- **EXERCISE**: Only the lines from the one containing "#130=EDGE_CURVE('E158',#100,#29,#129,.T.);" through the one containing "#144=DIRECTION('',(0.,1.,0.));" should be printed, exactly as they appear below, with both ends included.

- **DATA SUPPLIED**:
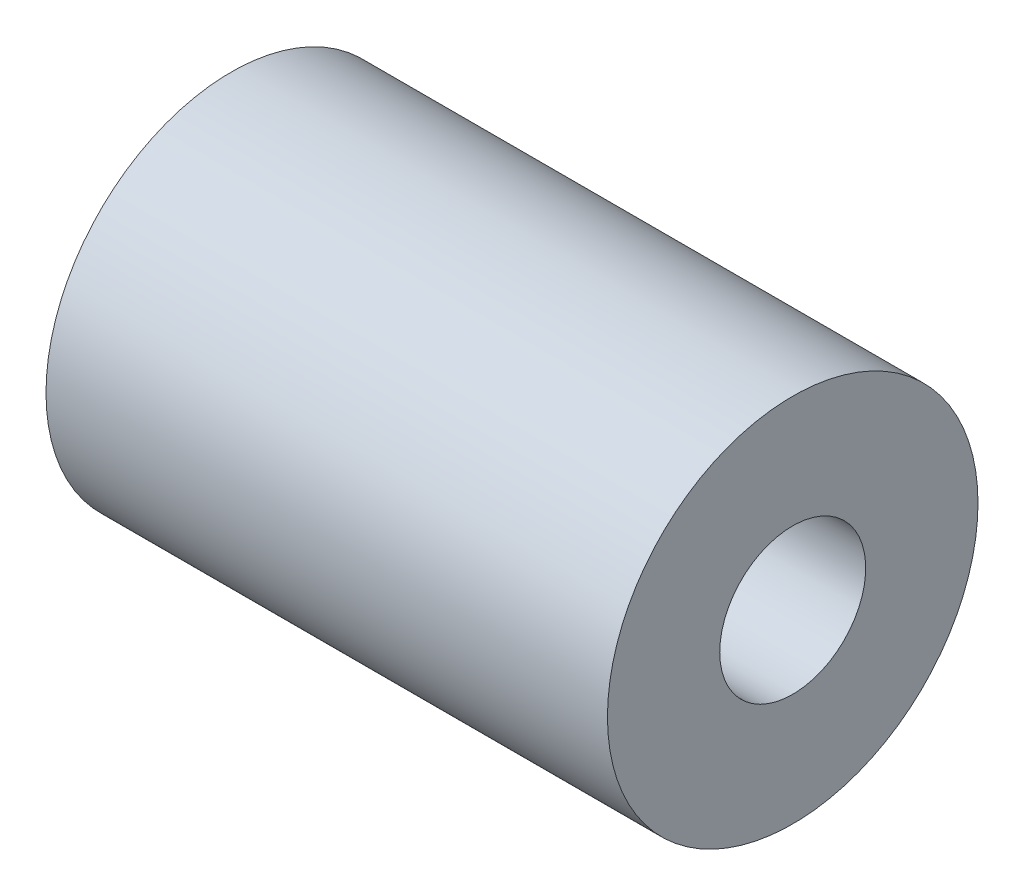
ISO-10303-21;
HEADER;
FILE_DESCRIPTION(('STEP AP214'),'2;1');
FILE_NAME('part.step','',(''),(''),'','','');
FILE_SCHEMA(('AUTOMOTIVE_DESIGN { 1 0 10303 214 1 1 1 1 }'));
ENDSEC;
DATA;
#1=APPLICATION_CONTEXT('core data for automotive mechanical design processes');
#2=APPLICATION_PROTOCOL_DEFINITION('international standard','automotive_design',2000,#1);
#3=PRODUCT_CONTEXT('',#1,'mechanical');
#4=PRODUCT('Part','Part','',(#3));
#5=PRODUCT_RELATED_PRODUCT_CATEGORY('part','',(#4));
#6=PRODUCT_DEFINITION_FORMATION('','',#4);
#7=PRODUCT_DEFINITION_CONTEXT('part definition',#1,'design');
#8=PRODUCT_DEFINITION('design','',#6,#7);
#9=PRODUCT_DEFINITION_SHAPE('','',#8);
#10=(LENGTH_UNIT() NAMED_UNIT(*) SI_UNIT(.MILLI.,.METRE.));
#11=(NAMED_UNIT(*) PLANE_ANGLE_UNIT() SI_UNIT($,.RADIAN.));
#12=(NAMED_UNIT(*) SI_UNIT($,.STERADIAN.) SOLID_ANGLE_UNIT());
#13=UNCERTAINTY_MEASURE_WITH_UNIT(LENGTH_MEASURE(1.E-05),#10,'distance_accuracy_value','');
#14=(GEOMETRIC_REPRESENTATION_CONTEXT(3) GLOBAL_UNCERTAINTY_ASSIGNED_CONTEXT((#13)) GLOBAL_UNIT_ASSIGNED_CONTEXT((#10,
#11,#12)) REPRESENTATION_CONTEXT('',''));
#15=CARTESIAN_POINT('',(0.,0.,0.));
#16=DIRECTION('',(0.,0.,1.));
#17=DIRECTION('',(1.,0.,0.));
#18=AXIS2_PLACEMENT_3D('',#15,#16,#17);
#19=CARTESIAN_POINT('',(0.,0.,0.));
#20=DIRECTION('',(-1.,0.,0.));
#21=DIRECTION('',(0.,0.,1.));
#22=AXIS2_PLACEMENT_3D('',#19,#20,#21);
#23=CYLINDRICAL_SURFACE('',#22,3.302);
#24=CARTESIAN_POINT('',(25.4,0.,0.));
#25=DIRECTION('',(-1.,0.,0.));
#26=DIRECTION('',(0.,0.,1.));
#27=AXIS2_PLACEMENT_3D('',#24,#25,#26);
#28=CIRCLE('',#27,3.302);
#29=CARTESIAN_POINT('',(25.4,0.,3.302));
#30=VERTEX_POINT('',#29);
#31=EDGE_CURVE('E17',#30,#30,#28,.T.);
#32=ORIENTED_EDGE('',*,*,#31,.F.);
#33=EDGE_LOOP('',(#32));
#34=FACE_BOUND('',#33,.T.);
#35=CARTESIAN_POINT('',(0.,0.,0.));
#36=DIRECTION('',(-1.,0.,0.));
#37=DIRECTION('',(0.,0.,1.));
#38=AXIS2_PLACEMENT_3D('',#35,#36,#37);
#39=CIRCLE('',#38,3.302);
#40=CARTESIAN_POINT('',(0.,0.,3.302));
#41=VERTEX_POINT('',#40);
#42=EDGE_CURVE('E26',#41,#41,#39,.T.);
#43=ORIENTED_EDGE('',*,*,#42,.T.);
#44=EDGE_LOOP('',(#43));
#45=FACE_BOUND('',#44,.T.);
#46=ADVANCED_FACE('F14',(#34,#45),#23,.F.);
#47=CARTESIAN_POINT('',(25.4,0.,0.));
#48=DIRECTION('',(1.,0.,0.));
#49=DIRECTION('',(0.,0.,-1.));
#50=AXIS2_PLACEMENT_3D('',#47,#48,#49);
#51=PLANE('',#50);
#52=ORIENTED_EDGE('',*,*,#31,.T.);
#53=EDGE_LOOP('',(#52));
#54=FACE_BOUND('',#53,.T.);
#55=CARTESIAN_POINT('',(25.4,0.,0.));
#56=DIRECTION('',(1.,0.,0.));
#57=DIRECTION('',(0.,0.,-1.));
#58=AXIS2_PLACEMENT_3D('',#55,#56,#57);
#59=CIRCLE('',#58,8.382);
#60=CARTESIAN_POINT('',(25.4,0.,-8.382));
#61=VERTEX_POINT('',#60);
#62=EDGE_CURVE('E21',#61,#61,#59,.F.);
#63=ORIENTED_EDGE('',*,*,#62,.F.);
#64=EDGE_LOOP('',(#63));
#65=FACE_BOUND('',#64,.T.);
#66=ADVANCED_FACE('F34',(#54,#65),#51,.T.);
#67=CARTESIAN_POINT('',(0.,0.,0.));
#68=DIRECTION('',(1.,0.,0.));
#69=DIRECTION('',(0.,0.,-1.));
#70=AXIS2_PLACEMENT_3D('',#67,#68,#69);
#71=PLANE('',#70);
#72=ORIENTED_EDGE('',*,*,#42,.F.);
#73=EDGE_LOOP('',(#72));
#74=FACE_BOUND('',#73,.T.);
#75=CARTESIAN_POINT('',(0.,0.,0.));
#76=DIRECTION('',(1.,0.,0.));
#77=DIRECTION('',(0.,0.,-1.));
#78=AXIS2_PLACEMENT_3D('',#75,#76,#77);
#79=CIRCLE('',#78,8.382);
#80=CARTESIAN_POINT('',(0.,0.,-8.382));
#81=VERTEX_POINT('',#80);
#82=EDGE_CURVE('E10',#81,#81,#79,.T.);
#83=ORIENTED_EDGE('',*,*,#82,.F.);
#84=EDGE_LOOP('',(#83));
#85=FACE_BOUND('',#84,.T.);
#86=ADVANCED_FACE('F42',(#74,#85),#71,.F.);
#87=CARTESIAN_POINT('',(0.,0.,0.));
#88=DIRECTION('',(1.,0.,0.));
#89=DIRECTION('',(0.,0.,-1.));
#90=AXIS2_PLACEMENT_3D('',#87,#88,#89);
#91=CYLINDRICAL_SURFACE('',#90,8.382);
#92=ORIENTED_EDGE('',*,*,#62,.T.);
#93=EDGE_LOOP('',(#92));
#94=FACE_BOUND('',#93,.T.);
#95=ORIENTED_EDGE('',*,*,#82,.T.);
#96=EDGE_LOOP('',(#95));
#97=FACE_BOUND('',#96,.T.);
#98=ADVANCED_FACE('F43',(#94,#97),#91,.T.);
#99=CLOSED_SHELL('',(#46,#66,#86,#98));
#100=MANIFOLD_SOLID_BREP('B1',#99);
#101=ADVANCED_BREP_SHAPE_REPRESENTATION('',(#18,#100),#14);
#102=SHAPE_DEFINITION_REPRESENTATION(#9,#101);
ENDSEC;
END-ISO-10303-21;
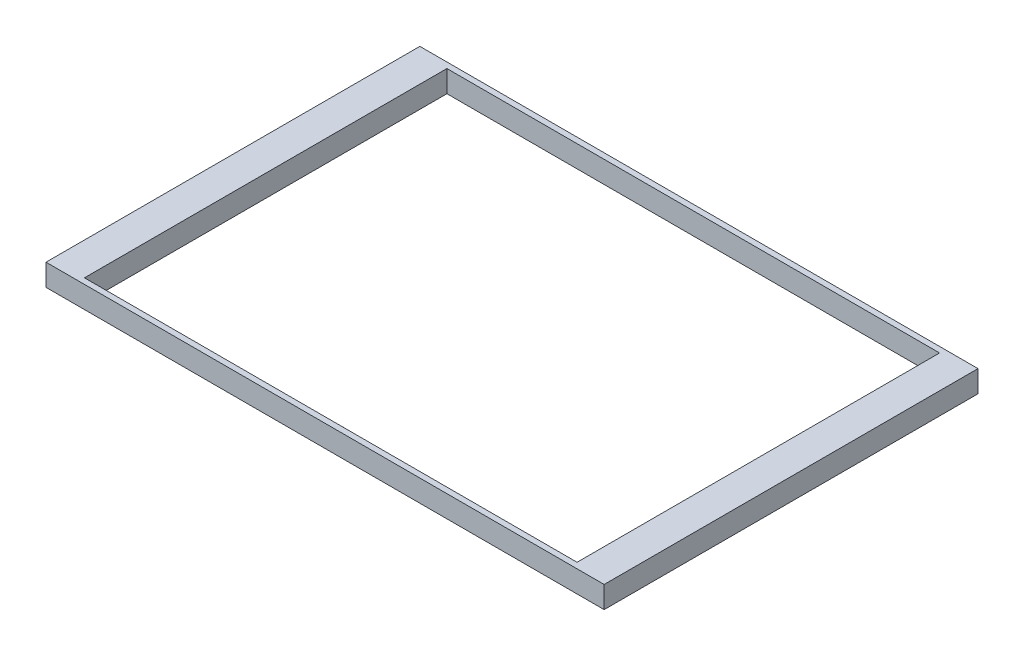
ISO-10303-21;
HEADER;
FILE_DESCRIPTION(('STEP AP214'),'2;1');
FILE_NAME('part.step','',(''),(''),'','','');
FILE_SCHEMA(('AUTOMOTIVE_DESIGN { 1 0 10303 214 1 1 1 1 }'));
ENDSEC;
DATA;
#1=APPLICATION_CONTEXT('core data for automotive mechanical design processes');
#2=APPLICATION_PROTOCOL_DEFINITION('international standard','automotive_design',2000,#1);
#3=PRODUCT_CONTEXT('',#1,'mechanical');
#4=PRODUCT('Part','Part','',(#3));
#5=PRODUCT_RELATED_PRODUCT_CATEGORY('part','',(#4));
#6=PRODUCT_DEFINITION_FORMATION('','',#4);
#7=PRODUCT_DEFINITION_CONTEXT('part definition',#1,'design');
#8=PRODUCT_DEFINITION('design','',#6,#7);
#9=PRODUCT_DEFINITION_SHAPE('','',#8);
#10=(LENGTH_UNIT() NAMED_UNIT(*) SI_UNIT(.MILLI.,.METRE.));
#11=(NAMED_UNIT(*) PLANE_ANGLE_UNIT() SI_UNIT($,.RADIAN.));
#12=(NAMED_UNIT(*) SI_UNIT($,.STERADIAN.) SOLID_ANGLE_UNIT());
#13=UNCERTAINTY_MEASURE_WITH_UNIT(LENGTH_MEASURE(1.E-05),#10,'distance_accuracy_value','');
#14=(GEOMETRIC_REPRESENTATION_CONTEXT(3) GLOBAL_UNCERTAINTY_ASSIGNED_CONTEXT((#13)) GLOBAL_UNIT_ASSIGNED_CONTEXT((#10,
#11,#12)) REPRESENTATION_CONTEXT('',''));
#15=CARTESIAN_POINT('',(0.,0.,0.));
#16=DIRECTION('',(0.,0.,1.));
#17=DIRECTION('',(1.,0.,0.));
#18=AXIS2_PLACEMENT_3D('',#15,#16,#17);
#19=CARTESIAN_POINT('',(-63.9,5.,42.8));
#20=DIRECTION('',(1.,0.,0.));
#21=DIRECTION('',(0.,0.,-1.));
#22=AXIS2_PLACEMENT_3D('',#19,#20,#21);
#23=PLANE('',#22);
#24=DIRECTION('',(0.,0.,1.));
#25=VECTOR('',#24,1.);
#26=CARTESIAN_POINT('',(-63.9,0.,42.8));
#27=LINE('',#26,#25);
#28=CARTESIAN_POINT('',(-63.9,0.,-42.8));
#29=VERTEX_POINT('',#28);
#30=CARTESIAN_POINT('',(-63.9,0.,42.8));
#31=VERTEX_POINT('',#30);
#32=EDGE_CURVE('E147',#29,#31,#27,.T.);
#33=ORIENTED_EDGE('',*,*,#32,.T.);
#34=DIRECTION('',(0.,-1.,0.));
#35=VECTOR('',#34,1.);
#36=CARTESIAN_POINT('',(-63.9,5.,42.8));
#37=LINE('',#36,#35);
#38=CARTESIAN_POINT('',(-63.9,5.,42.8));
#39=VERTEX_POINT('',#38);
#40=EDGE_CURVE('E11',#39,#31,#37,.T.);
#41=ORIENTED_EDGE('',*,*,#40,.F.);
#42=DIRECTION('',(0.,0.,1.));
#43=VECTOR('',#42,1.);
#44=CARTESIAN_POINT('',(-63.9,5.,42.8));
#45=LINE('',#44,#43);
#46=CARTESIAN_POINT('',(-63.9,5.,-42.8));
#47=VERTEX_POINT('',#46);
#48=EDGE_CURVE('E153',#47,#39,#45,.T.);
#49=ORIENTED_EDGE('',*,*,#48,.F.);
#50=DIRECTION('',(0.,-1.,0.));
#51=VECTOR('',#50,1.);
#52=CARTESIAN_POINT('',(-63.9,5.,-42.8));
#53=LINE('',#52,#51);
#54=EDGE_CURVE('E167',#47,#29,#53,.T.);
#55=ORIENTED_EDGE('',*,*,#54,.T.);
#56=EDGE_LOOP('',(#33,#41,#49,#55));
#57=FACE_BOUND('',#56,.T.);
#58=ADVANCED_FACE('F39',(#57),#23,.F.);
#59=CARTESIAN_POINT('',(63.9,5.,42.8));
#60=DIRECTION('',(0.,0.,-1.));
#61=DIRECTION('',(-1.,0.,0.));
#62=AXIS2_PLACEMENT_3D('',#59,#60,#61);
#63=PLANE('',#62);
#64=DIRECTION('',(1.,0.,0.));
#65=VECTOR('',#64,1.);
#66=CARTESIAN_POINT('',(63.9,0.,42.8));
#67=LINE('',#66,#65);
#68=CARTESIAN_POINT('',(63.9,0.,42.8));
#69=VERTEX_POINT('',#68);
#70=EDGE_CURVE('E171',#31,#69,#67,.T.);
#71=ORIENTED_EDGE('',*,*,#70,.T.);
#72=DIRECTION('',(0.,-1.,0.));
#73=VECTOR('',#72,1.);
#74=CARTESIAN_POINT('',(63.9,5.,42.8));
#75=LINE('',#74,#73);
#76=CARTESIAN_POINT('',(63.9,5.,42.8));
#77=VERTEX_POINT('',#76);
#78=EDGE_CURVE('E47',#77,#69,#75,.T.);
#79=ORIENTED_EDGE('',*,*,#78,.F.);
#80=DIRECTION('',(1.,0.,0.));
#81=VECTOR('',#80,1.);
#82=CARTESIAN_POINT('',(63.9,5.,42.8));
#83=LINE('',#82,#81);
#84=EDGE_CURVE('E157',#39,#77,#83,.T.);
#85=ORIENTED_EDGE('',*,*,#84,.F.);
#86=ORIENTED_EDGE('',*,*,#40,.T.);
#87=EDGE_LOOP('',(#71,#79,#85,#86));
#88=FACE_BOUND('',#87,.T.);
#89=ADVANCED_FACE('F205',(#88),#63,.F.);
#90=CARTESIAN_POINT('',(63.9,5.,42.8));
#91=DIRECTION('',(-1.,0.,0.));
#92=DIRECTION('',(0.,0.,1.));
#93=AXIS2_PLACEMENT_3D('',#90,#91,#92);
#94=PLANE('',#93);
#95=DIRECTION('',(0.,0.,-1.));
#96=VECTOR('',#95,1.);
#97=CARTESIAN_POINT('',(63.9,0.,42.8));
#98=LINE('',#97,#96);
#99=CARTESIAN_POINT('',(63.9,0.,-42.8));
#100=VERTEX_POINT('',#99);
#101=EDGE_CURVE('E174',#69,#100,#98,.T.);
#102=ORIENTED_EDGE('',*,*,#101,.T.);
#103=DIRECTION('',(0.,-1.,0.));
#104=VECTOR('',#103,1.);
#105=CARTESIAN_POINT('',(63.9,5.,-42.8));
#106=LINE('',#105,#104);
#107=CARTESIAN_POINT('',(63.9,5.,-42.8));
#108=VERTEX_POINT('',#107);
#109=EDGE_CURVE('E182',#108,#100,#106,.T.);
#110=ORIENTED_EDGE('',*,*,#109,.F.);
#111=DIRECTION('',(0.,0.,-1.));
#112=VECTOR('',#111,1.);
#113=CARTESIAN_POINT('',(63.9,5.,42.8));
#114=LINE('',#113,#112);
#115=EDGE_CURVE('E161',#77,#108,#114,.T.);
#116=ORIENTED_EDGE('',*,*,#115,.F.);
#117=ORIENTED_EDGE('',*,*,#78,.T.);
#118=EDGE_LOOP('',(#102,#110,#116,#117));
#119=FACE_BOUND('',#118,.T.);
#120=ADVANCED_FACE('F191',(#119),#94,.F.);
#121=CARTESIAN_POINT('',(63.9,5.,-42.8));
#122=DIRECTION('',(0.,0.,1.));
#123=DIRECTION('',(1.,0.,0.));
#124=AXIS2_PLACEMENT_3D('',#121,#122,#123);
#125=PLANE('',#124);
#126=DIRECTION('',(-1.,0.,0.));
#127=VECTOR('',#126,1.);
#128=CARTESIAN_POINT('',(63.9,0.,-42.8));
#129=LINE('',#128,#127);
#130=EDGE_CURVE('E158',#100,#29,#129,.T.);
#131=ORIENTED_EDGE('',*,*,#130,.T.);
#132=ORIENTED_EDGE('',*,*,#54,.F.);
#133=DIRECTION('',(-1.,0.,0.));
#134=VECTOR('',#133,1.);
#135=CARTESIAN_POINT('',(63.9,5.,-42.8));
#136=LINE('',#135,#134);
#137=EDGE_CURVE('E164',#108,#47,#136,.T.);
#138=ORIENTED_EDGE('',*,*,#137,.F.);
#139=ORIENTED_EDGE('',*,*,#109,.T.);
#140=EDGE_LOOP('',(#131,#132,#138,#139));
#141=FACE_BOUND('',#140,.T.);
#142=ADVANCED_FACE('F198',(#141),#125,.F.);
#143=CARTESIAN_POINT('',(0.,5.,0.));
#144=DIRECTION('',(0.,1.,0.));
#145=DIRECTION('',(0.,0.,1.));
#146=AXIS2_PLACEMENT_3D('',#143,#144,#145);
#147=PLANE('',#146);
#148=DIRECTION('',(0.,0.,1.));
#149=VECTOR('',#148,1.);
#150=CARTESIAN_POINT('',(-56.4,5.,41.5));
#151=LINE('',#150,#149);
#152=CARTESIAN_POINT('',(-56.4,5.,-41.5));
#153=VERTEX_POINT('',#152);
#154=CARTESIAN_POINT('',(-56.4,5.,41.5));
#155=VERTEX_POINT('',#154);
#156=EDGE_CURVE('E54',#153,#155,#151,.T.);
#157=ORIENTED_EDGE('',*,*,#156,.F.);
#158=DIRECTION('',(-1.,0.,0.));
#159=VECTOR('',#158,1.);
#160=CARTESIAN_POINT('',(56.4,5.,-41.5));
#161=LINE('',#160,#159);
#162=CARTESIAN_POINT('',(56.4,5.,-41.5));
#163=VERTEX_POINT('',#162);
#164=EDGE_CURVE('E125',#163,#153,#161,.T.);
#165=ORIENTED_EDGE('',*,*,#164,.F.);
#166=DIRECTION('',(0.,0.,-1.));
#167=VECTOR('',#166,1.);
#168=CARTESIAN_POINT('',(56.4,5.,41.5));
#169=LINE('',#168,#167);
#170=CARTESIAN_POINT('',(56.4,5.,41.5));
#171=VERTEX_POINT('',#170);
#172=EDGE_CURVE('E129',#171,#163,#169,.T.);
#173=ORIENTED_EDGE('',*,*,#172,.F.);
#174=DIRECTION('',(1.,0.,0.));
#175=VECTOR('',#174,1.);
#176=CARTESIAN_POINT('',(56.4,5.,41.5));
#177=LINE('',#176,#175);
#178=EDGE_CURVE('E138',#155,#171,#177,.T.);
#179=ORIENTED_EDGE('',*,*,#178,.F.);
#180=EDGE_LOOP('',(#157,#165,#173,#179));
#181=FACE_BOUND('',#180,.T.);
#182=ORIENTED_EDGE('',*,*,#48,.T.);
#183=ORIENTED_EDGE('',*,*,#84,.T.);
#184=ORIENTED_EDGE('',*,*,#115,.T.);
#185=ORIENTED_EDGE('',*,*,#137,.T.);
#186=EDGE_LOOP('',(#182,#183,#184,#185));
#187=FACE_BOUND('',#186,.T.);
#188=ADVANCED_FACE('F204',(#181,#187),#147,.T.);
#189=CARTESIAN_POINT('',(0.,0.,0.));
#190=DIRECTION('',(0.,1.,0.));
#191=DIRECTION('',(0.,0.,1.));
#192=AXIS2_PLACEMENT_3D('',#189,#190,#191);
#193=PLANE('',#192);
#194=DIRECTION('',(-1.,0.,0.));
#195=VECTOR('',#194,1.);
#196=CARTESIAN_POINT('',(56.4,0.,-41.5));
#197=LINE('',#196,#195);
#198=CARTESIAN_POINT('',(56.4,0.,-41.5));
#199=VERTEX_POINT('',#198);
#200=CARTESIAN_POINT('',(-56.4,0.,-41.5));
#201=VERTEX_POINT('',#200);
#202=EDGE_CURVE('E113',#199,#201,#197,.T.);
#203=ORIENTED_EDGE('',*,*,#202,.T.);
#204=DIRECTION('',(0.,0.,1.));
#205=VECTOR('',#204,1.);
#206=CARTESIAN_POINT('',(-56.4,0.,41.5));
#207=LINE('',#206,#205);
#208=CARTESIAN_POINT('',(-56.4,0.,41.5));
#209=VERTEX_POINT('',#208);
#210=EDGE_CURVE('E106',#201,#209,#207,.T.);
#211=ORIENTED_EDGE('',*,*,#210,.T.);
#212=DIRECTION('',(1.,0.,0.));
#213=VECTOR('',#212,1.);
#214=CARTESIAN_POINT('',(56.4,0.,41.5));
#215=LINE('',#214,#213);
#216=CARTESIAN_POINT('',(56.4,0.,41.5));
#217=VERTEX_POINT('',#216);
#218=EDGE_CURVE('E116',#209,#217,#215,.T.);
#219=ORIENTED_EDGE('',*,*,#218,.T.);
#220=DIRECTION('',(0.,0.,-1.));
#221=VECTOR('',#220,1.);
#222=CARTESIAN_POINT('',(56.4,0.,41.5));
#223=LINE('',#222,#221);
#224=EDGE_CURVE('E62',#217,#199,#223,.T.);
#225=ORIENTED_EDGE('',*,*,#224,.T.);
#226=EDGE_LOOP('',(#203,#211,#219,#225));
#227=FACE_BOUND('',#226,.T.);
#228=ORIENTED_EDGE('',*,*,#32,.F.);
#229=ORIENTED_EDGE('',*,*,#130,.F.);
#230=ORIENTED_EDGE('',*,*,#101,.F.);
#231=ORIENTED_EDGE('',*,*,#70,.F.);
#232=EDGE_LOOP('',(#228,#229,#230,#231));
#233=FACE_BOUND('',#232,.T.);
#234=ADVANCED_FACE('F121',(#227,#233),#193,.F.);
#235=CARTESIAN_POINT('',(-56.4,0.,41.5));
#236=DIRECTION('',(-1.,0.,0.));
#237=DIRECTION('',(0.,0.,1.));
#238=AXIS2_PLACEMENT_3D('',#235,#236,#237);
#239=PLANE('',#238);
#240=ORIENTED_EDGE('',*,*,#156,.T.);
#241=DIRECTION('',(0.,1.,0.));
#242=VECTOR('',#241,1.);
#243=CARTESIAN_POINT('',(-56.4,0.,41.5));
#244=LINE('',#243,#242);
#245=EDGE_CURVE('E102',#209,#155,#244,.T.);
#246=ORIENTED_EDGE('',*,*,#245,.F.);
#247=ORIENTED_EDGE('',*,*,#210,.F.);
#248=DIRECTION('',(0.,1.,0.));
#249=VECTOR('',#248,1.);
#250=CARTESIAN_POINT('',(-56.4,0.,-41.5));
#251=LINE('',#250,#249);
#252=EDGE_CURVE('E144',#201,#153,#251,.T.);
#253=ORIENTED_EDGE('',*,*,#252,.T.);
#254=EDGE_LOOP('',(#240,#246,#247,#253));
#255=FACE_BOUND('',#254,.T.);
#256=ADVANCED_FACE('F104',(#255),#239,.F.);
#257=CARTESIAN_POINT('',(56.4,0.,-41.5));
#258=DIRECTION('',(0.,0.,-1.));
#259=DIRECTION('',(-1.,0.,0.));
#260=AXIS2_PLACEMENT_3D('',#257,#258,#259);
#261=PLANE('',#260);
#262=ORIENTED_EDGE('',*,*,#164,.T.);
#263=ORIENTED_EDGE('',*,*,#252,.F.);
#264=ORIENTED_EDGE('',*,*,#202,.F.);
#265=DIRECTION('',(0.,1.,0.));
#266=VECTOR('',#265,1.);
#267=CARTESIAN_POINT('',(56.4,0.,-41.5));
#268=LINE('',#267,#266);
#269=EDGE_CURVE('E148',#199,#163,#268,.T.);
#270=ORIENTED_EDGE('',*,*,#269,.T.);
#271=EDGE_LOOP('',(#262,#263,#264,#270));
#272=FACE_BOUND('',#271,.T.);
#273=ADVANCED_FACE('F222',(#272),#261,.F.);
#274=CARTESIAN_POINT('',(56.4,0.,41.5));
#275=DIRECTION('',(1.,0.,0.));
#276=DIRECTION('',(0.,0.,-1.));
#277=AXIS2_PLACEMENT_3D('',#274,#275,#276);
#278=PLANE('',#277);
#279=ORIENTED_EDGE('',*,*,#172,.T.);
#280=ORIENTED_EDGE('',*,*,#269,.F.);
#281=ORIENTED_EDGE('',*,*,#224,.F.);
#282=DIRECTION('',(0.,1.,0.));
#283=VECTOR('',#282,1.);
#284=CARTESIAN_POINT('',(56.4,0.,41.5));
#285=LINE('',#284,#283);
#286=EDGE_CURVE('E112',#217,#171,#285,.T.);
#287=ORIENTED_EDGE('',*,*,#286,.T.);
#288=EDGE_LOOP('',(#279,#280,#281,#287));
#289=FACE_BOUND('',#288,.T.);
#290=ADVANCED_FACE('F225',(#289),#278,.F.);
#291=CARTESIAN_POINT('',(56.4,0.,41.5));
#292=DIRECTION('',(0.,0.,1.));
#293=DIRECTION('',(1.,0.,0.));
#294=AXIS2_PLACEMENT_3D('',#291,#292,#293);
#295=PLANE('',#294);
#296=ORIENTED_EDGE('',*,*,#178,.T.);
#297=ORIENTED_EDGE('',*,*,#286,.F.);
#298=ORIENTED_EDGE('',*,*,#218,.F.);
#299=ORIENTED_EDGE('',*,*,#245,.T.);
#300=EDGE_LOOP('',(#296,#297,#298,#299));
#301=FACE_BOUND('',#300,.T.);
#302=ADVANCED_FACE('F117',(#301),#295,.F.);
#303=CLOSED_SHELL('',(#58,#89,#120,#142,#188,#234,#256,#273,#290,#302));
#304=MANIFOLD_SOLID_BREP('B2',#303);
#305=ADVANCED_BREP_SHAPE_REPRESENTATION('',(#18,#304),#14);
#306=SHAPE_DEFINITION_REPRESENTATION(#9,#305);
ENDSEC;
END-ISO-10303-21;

- **RESPONSE FOR THIS EXERCISE**:
#130=EDGE_CURVE('E158',#100,#29,#129,.T.);
#131=ORIENTED_EDGE('',*,*,#130,.T.);
#132=ORIENTED_EDGE('',*,*,#54,.F.);
#133=DIRECTION('',(-1.,0.,0.));
#134=VECTOR('',#133,1.);
#135=CARTESIAN_POINT('',(63.9,5.,-42.8));
#136=LINE('',#135,#134);
#137=EDGE_CURVE('E164',#108,#47,#136,.T.);
#138=ORIENTED_EDGE('',*,*,#137,.F.);
#139=ORIENTED_EDGE('',*,*,#109,.T.);
#140=EDGE_LOOP('',(#131,#132,#138,#139));
#141=FACE_BOUND('',#140,.T.);
#142=ADVANCED_FACE('F198',(#141),#125,.F.);
#143=CARTESIAN_POINT('',(0.,5.,0.));
#144=DIRECTION('',(0.,1.,0.));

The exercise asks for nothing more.